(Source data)
□ □ □

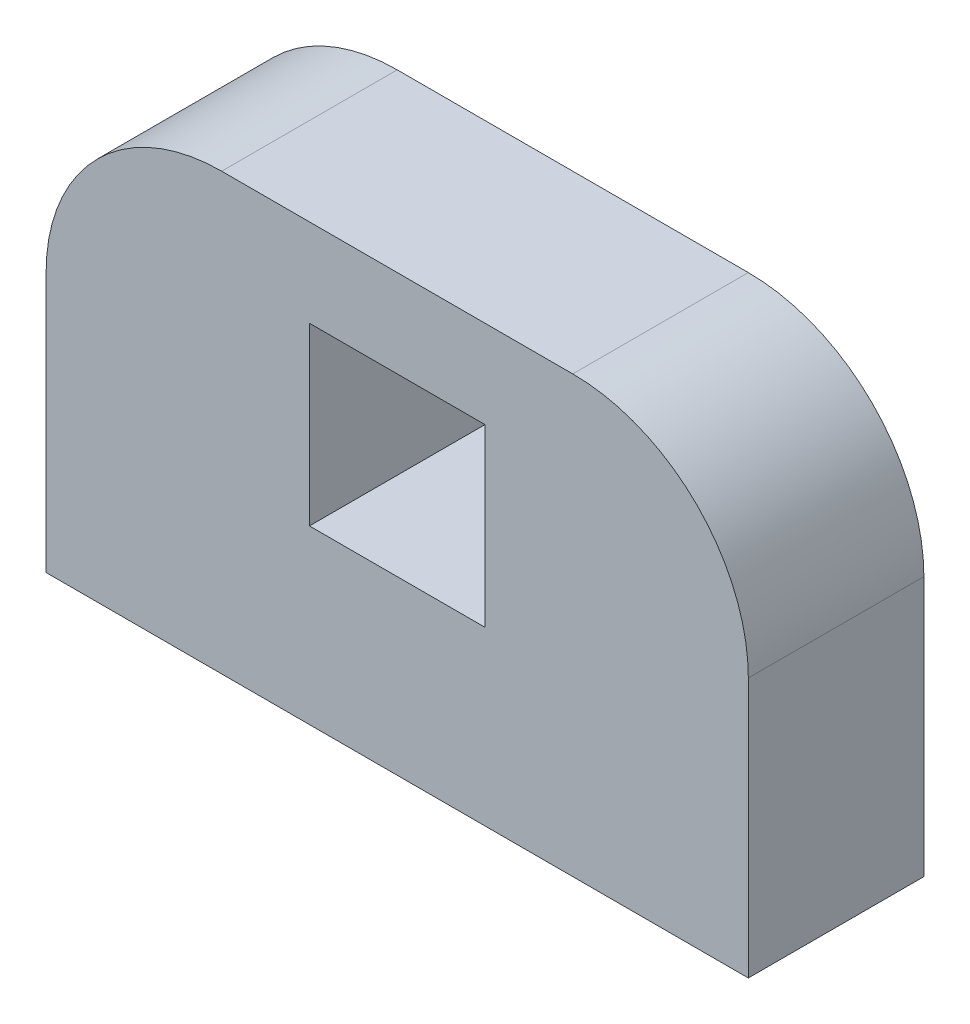
from build123d import *

# Parameters (mm, degrees)
SKETCH1_W           = 3.175
SKETCH1_H           = 3.175
BOSS_EXTRUDE1_DEPTH = 3.175


with BuildPart() as part:
    # Sketch1 → Boss-Extrude1 (new body)
    with BuildSketch(Plane.XY):
        with BuildLine():
            Line((0, 0), (12.7, 0))
            Line((12.7, 0), (12.7, 4.699))
            ThreePointArc((12.7, 4.699), (11.77006403, 6.94406403), (9.525, 7.874))
            Line((9.525, 7.874), (3.175, 7.874))
            ThreePointArc((3.175, 7.874), (0.92993597, 6.94406403), (0, 4.699))
            Line((0, 4.699), (0, 0))
        make_face()
        with Locations((6.35, 4.699)):
            Rectangle(SKETCH1_W, SKETCH1_H, mode=Mode.SUBTRACT)
    extrude(amount=BOSS_EXTRUDE1_DEPTH)


solid = part.part

□ □ □

WHAT YOU WILL DO: Set down exactly, and only, the lines from the one containing "extrude(amount=BOSS_EXTRUDE1_DEPTH)" through the final line of the entries above.

TASK RESPONSE:
    extrude(amount=BOSS_EXTRUDE1_DEPTH)


solid = part.part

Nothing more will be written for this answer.